RV: Pater Stenger, ich bedanke mich, dass Sie dieses Problem, das Flüchtlingsproblem so gut dargestellt haben und auch irgendwie einen Ratschlag für dieses Problem zu geben wussten. Wollen wir diese Sendung, die wir jetzt schließen müssen, vielleicht zum Abschluss unseres Gespräches, Pater Stenger, nun doch ein paar Lichtstrahlen auf diesen zweitgrößten Kontinent der Erde werfen, der Ihnen zur Heimat geworden ist?

Ja, natürlich. Afrika ist nicht nur Elend und Flüchtlinge und Kriege. Das wäre total verkehrt. Wenn Sie selber nach Afrika fahren: in gewissen Gegenden merken Sie überhaupt nichts davon. Und Sie sehen Leute, die gastfreundlich sind, die offen sind und diese innere Freude ausstrahlen und auch eine Freude, die aus dem Glauben heraus kommt. Denn das kann man ja bestimmt sagen, dass für viele Afrikaner auch gerade jetzt der christliche Glaube ein innerer Halt geworden ist, gerade jetzt in diesen schwierigen Situationen. Und da können wir uns noch eine Scheibe abschneiden von diesen Menschen, denke ich mir. Denn wir beklagen uns oft auf hohem Niveau und haben eigentlich kaum Grund zu klagen.
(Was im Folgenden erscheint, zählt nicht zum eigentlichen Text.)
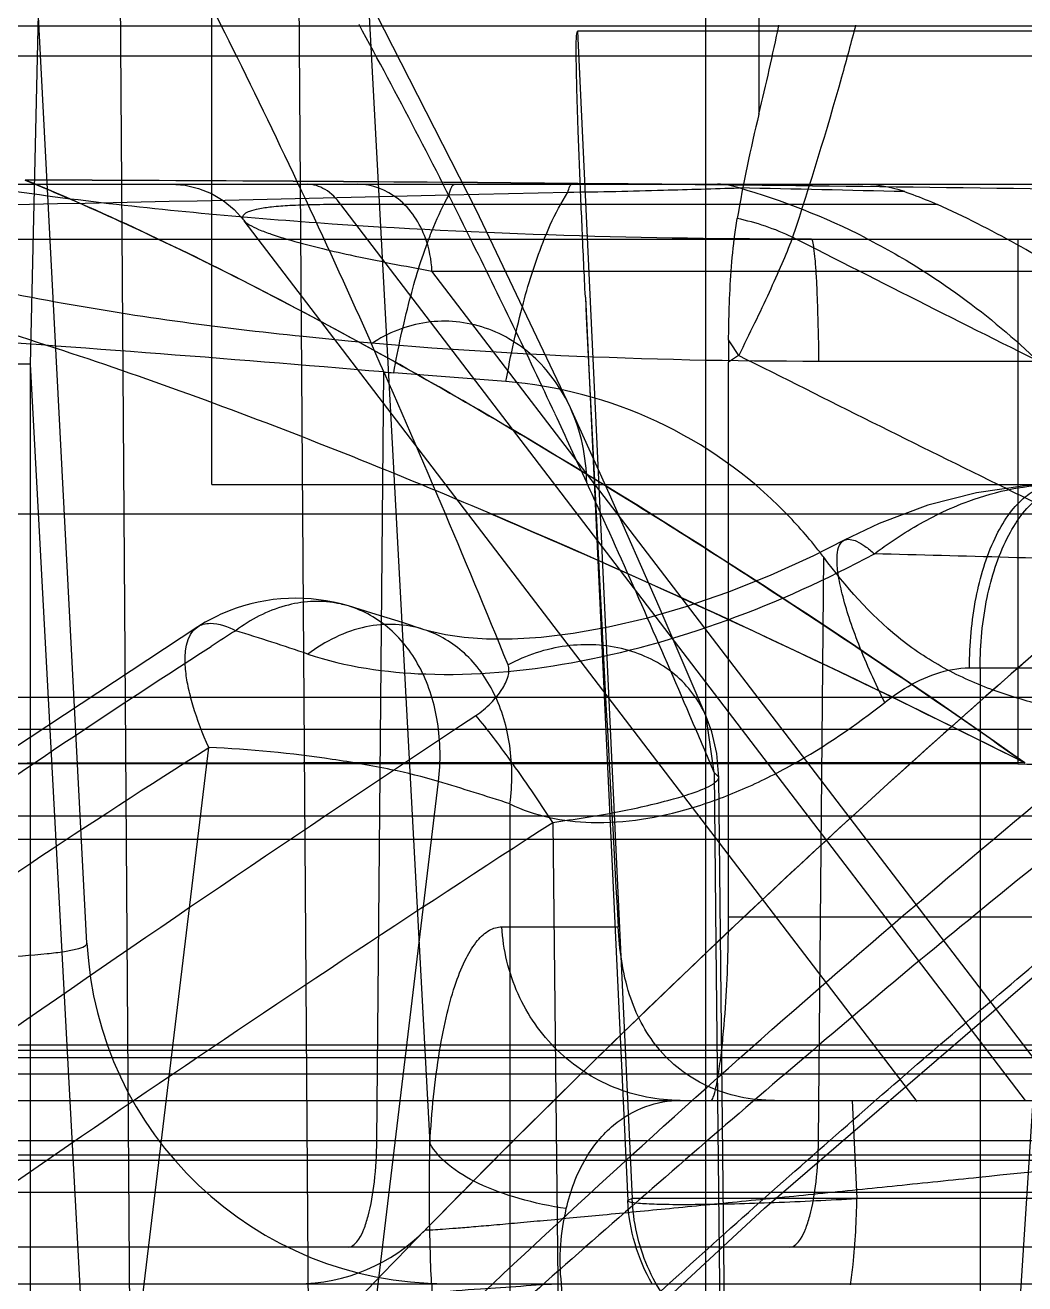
# Model space of a CAD drawing. Header units: millimetres. Extents: x 28656 to 29764, y -21384 to -20601.
# Drawn here: x 29185.417 to 29188.199, y -21149.289 to -21145.786 of the extents above; entities that cross this region are included whole.
import ezdxf

# ---------------------------------------------------------------- set-up
doc = ezdxf.new("R2010")
doc.units = ezdxf.units.MM
doc.header["$LTSCALE"] = 8
doc.layers.add('Cav-cor', color=30, linetype='Continuous')
doc.layers.add('dim', color=3, linetype='Continuous', lineweight=15)

# ---------------------------------------------------------------- blocks, each defined once
blk = doc.blocks.new('20160903.083224')
at = {"layer": 'Cav-cor', "color": 241}
for p, q in [((-36.8767, 17.6377), (-36.8767, 5.1547)), ((-36.7278, 17.6377), (-36.7278, 8.9432)), ((-38.2497, 7.9119), (-38.2497, 16.2277)), ((-37.9407, 11.6113), (-37.6433, 6.0789)), ((-38.5976, 6.6354), (-38.7722, 9.9671)), ((-38.5064, 9.4878), (-38.4658, 3.6433)), ((-38.0094, 9.4931), (-37.9687, 3.6433)), ((-38.7331, 9.2216), (-38.7555, 8.2467)), ((-37.5144, 8.6767), (-37.7928, 9.2219)), ((-24.9439, 9.1877), (-40.3423, 9.1877)), ((-37.2326, 9.1738), (-37.0802, 5.9249)), ((-35.4065, 9.1738), (-37.2326, 9.1738)), ((-40.1037, 9.1047), (-25.9267, 9.1047)), ((-40.1805, 8.7477), (-34.9599, 8.7477)), ((-37.5901, 8.7182), (-37.2591, 8.7257)), ((-35.986, 6.1977), (-37.8912, 8.691)), ((-36.231, 8.691), (-37.8912, 8.691)), ((-37.2524, 8.1252), (-37.5144, 8.6767)), ((-36.2871, 6.1947), (-38.1602, 8.646)), ((-36.7965, 8.5952), (-36.7883, 8.6524)), ((-35.8098, 8.6242), (-36.0857, 4.3298)), ((-57.1862, 8.5947), (-25.7221, 8.5947)), ((-36.6238, 8.5947), (-36.6343, 8.6)), ((-36.5905, 8.5778), (-36.6238, 8.5947)), ((-36.0074, 8.5947), (-36.0074, 7.1342)), ((-35.8737, 6.1977), (-37.6376, 8.5061)), ((-37.6376, 8.5061), (-34.8127, 8.5061)), ((-37.2108, 8.4326), (-37.0929, 5.9188)), ((-36.7843, 8.271), (-36.8125, 8.2526)), ((-38.7555, 8.2467), (-39.0615, 8.2467)), ((-38.7555, 8.2467), (-38.563, 4.6677)), ((-38.7555, 8.2467), (-38.7555, 2.0755)), ((-36.8125, 6.7077), (-36.8125, 8.2526)), ((-27.7192, 8.2547), (-36.5609, 8.2547)), ((-37.791, 6.085), (-37.7715, 8.2252)), ((-37.4324, 8.1984), (-37.7441, 8.2229)), ((-37.1433, 7.8847), (-37.2524, 8.1252)), ((-38.2497, 7.9119), (-30.6943, 7.9119)), ((-37.0053, 7.5718), (-37.1433, 7.8847)), ((-28.2181, 7.8297), (-48.6168, 7.8297)), ((-36.562, 6.085), (-36.5473, 7.7095)), ((-36.8744, 7.2659), (-37.0053, 7.5718)), ((-36.1418, 7.4019), (-35.7255, 7.4019)), ((-36.1123, 7.4019), (-36.1123, 4.3617)), ((-49.1268, 7.3197), (-27.7081, 7.3197)), ((-36.8527, 7.1109), (-36.8744, 7.2659)), ((-48.6435, 7.231), (-28.1914, 7.231)), ((-38.6084, 4.2674), (-38.2589, 7.1797)), ((-36.8395, 7.097), (-36.8451, 7.1634)), ((-36.0074, 7.1342), (-45.8296, 7.1342)), ((-37.9463, 4.3617), (-37.6195, 7.0853)), ((-36.8396, 7.0976), (-36.8527, 7.1109)), ((-36.8527, 7.1109), (-36.8475, 6.633)), ((-36.8025, 3.6422), (-36.8396, 7.0972)), ((-37.4206, 7.0232), (-37.4206, 4.3617)), ((-48.6694, 6.9903), (-28.1655, 6.9903)), ((-37.3016, 6.9717), (-37.2654, 3.6433)), ((-48.6595, 6.925), (-28.1754, 6.925)), ((-35.903, 6.7077), (-36.8125, 6.7077)), ((-37.443, 6.681), (-37.1194, 6.681)), ((-36.8475, 6.633), (-36.8374, 5.6877)), ((-31.3246, 6.3518), (-42.1178, 6.3518)), ((-45.4031, 6.3374), (-31.4887, 6.3374)), ((-31.3444, 6.3163), (-42.1375, 6.3163)), ((-45.4322, 6.2721), (-31.4627, 6.2721)), ((-42.2032, 6.1977), (2.2365, 6.1977)), ((-36.4682, 6.1977), (-36.4554, 5.9249)), ((-19.7999, 6.085), (-39.5937, 6.085)), ((-45.1505, 6.0314), (-31.5308, 6.0314)), ((-31.2825, 6.0458), (-42.0757, 6.0458)), ((-45.6824, 5.9427), (-30.6322, 5.9427)), ((-37.0802, 5.9249), (-37.0929, 5.9188)), ((-3.1048, 5.9249), (-37.0802, 5.9249)), ((-20.0358, 5.7897), (-39.5315, 5.7897)), ((-60.4322, 5.6877), (18.6189, 5.6877)), ((-37.2176, 4.6677), (-37.277, 5.6877)), ((-36.8374, 5.6877), (-36.8264, 4.6677))]:
    blk.add_line(p, q, dxfattribs=at)
for points in [[(-38.363, 8.7477), (-38.3246, 8.7447), (-38.2871, 8.7359), (-38.2514, 8.7215), (-38.2183, 8.702), (-38.1884, 8.6777), (-38.1614, 8.6476)], [(-35.8993, 7.9119), (-35.9879, 7.9083), (-36.1219, 7.8893), (-36.2575, 7.8544)], [(-36.2575, 7.8544), (-36.3932, 7.8036), (-36.4909, 7.7567)], [(-36.4909, 7.7567), (-36.5755, 7.7139), (-36.6961, 7.6587), (-36.815, 7.6111), (-36.9307, 7.5712), (-37.0418, 7.539), (-37.1468, 7.5145), (-37.2444, 7.4973), (-37.3338, 7.4865), (-37.4143, 7.4817), (-37.486, 7.4818), (-37.5479, 7.486), (-37.5997, 7.4934), (-37.6411, 7.5026), (-37.6591, 7.508)], [(-37.6592, 7.508), (-37.7197, 7.5275), (-37.8049, 7.5542), (-37.8699, 7.5739)], [(-38.2891, 7.5163), (-39.1278, 6.9626), (-39.9252, 6.3862), (-40.6579, 5.8021)], [(-41.9179, -0.8554), (-41.5942, -0.1464), (-41.2001, 0.5977), (-40.7475, 1.344), (-40.2349, 2.0925), (-39.6607, 2.8434), (-39.0235, 3.5972), (-38.3215, 4.3548), (-37.5521, 5.12), (-36.7118, 5.8975), (-35.7948, 6.6876), (-34.9516, 7.3589)], [(-36.8451, 7.1634), (-36.8591, 7.2237), (-36.8744, 7.2659)]]:
    blk.add_lwpolyline(points, dxfattribs=at)
for centre, radius, start, end in [((-53.187, 0.8243), 17.4795, 26.40501, 28.60179), ((-43.6136, 10.6189), 7.0867, 346.32232, 348.37161), ((-32.3123, 7.8741), 4.5431, 166.3892, 170.1353), ((-39.6989, -258.4805), 267.2414, 89.161116, 89.800741), ((-39.5857, -245.988), 254.7486, 89.145433, 89.816424), ((-40.1448, -153.4024), 162.1746, 88.649352, 88.81227), ((-37.3225, 6.8545), 1.9585, 62.9407, 74.0157), ((-44.5944, 296.6516), 288.0186, 270.897792, 271.393505), ((-36.9283, 7.9865), 0.6804, 64.4004, 78.1232), ((-57.1116, -1.1481), 21.8718, 25.0376, 26.46103), ((-37.1679, 8.7873), 0.5655, 340.1453, 340.6659), ((177.1935, 18.7424), 214.652, 182.75281, 183.221173), ((-43.8114, -62.3351), 70.8183, 85.107493, 86.184249), ((-64.7268, -3.6768), 29.4663, 22.10227, 23.99025), ((-31.182, 8.2525), 5.6306, 179.3683, 179.999), ((-41.7598, 5.0584), 5.9229, 32.84768, 33.34988), ((-37.4255, 12.265), 4.0547, 265.1044, 265.4933), ((-59.9973, -2.511), 25.0631, 24.58834, 25.06843), ((-61.4003, -3.1548), 26.6068, 24.3863, 24.59183), ((-23.7875, 33.0318), 27.9585, 244.01014, 244.17707), ((-63.0357, -3.8925), 28.4009, 23.73789, 24.3796), ((-37.5505, 6.9539), 1.256, 37.7771, 44.5016), ((-18.2014, -12.9255), 27.0225, 129.81411, 131.60233), ((-37.5471, 6.9566), 1.2516, 36.9822, 37.7743), ((-37.9828, -57.9563), 65.6942, 87.973365, 88.625117), ((-38.0164, 7.0854), 0.51, 73.3045, 111.3545), ((-37.9558, 7.2879), 0.2986, 73.2775, 80.1102), ((-38.0159, 7.0844), 0.5111, 111.3666, 122.3241), ((-64.9644, -4.7395), 30.5074, 23.14358, 23.73587), ((-23.0634, -16.1605), 28.0836, 122.57498, 122.74102), ((-40.5223, -0.0613), 7.9195, 71.29571, 72.82469), ((-17.1355, -14.123), 28.6258, 131.60622, 133.64648), ((-66.0423, -5.2007), 31.6798, 22.86897, 23.14438), ((-36.5162, -1572.4177), 1579.5552, 89.980835, 90.1179562), ((-36.5386, -1546.4127), 1553.5503, 89.9796873, 90.1191039), ((-40.0707, -1.1159), 8.5597, 71.96481, 73.35949), ((-40.7498, 6.7077), 3.9373, 359.3745, 0), ((-37.5989, 6.6877), 1, 183, 270), ((-15.649, -15.6803), 30.7787, 133.64772, 135.64254), ((-38.0129, 6.1877), 0.5, 269.9998, 315.6292), ((-14.565, -16.7502), 32.3017, 135.62993, 135.99559), ((-13.0346, -18.2112), 34.4175, 136.01613, 138.33169), ((-16.8136, -16.6085), 30.0619, 132.09569, 134.92751), ((-33.1603, 5.9141), 4.484, 182.8843, 183.2303)]:
    blk.add_arc(centre, radius, start, end, dxfattribs=at)
for points, knots in [([(-37.9407, 11.6113), (-37.8348, 11.5959), (-37.622, 11.5641), (-37.3011, 11.5039), (-36.9762, 11.4087), (-36.7079, 11.2831), (-36.4962, 11.1412), (-36.2624, 10.94), (-36.0462, 10.6599), (-35.8493, 10.3092), (-35.6329, 9.8372), (-35.4955, 9.4484), (-35.4065, 9.1738)], [0, 0, 0, 0, 0.084219, 0.16923, 0.256681, 0.349925, 0.400862, 0.456712, 0.591969, 0.676158, 0.772966, 1, 1, 1, 1]), ([(-38.6615, 9.8203), (-39.8492, 9.2718), (-41.5894, 8.3502), (-43.7692, 6.8987), (-45.3213, 5.6932), (-46.7689, 4.3633), (-48.0847, 2.9018), (-49.2432, 1.3128), (-49.9039, 0.1801), (-50.205, -0.4009)], [0, 0, 0, 0, 0.24993, 0.374945, 0.499961, 0.624979, 0.749979, 0.874996, 1, 1, 1, 1]), ([(-38.5616, 9.8257), (-38.4278, 9.5876), (-38.1654, 9.0851), (-37.9255, 8.5716), (-37.8059, 8.3036)], [0, 0, 0, 0, 0.482032, 1, 1, 1, 1]), ([(-36.4588, 9.1904), (-36.4713, 9.1422), (-36.5249, 8.944), (-36.5858, 8.7478), (-36.6343, 8.6)], [0, 0, 0, 0, 0.242568, 1, 1, 1, 1]), ([(-37.2108, 8.4333), (-37.2138, 8.4959), (-37.2181, 8.5898), (-37.2235, 8.715), (-37.2273, 8.8088), (-37.2303, 8.8869), (-37.2324, 8.9494), (-37.2339, 8.9961), (-37.2351, 9.0427), (-37.2358, 9.0815), (-37.2362, 9.1122), (-37.236, 9.135), (-37.2358, 9.1555), (-37.2347, 9.1687), (-37.2326, 9.1738)], [0, 0, 0, 0, 0.2536, 0.380345, 0.507025, 0.63359, 0.696798, 0.759921, 0.822898, 0.885582, 0.916736, 0.947412, 0.977621, 1, 1, 1, 1]), ([(-36.5819, 8.5947), (-37.0408, 8.5947), (-37.73, 8.6137), (-38.6445, 8.6991), (-39.0988, 8.7719), (-39.323, 8.8214)], [0, 0, 0, 0, 0.499768, 0.749929, 1, 1, 1, 1]), ([(-35.9878, 7.1374), (-36.4399, 7.456), (-37.1272, 7.9094), (-38.0639, 8.4376), (-38.5355, 8.6635), (-38.7695, 8.7593)], [0, 0, 0, 0, 0.514443, 0.764754, 1, 1, 1, 1]), ([(-38.7695, 8.7593), (-38.7391, 8.7468), (-38.6153, 8.695), (-38.493, 8.6396), (-38.4015, 8.5962)], [0, 0, 0, 0, 0.245089, 1, 1, 1, 1]), ([(-37.8912, 8.691), (-37.903, 8.7074), (-37.9297, 8.7354), (-37.9675, 8.7477), (-37.9847, 8.7477)], [0, 0, 0, 0, 0.540614, 1, 1, 1, 1]), ([(-37.6556, 8.5973), (-37.6708, 8.6391), (-37.7188, 8.7144), (-37.8045, 8.7477), (-37.8444, 8.7477)], [0, 0, 0, 0, 0.527522, 1, 1, 1, 1]), ([(-37.5901, 8.7182), (-37.5883, 8.7257), (-37.5859, 8.7357), (-37.5782, 8.7477), (-37.5746, 8.7477)], [0, 0, 0, 0, 0.679963, 1, 1, 1, 1]), ([(-37.324, 8.5978), (-37.319, 8.6102), (-37.3002, 8.6542), (-37.2782, 8.697), (-37.2591, 8.7257)], [0, 0, 0, 0, 0.279572, 1, 1, 1, 1]), ([(-37.2591, 8.7257), (-37.2578, 8.7313), (-37.2561, 8.7385), (-37.2509, 8.7477), (-37.2482, 8.7477)], [0, 0, 0, 0, 0.687083, 1, 1, 1, 1]), ([(-37.2591, 8.7257), (-37.1705, 8.7268), (-37.0118, 8.7303), (-36.8532, 8.7357), (-36.7832, 8.7373)], [0, 0, 0, 0, 0.558651, 1, 1, 1, 1]), ([(-36.3223, 8.7271), (-36.3146, 8.7245), (-36.2838, 8.7136), (-36.2535, 8.7011), (-36.231, 8.691)], [0, 0, 0, 0, 0.247025, 1, 1, 1, 1]), ([(-37.8912, 8.691), (-37.917, 8.6912), (-37.9644, 8.6909), (-38.0286, 8.6888), (-38.0794, 8.6849), (-38.117, 8.6799), (-38.1426, 8.6734), (-38.1585, 8.667), (-38.1664, 8.6566), (-38.1633, 8.65), (-38.1614, 8.6476)], [0, 0, 0, 0, 0.266562, 0.48899, 0.663195, 0.792071, 0.880443, 0.935438, 0.968143, 1, 1, 1, 1]), ([(-37.6462, 8.5955), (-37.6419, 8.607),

RV: Gibt es vielleicht irgendetwas, was Sie gerne noch sagen möchten?
Ja, einen Punkt würde ich gerne noch erwähnen. Und zwar die Situation der einheimischen Priester in Afrika. Und zwar meine ich hier die finanzielle Situation. Wissen Sie, ich kenne Diözesen in Afrika, die praktisch kein Geld haben und das Geld, das sie für Messstipendien bekommen, verwenden, um die Diözese zu verwalten. Das heißt, die Priester bekommen kein Geld. Und die Priester müssen jetzt schauen, wie sie irgendwie zurechtkommen. Ich kenne Priester, die von Montag bis Freitag mit ihrem Auto Taxi-Service machen, um zu leben ganz einfach. Aber das ist keine dauerhafte Lösung. Ich würde mir wünschen, dass es eine Konferenz gibt – eine panafrikanische Konferenz -, wo man bewusst die Situation der Diözesan-Priester ins Visier nimmt. Für die Ordenspriester ist das anders. Die haben andere Geldmöglichkeiten, aber nicht die einheimischen Priester. Und das würde ich mir wünschen, wenn man da eine Lösung finden könnte.

RV: Danke für das Gespräch, Pater Stenger.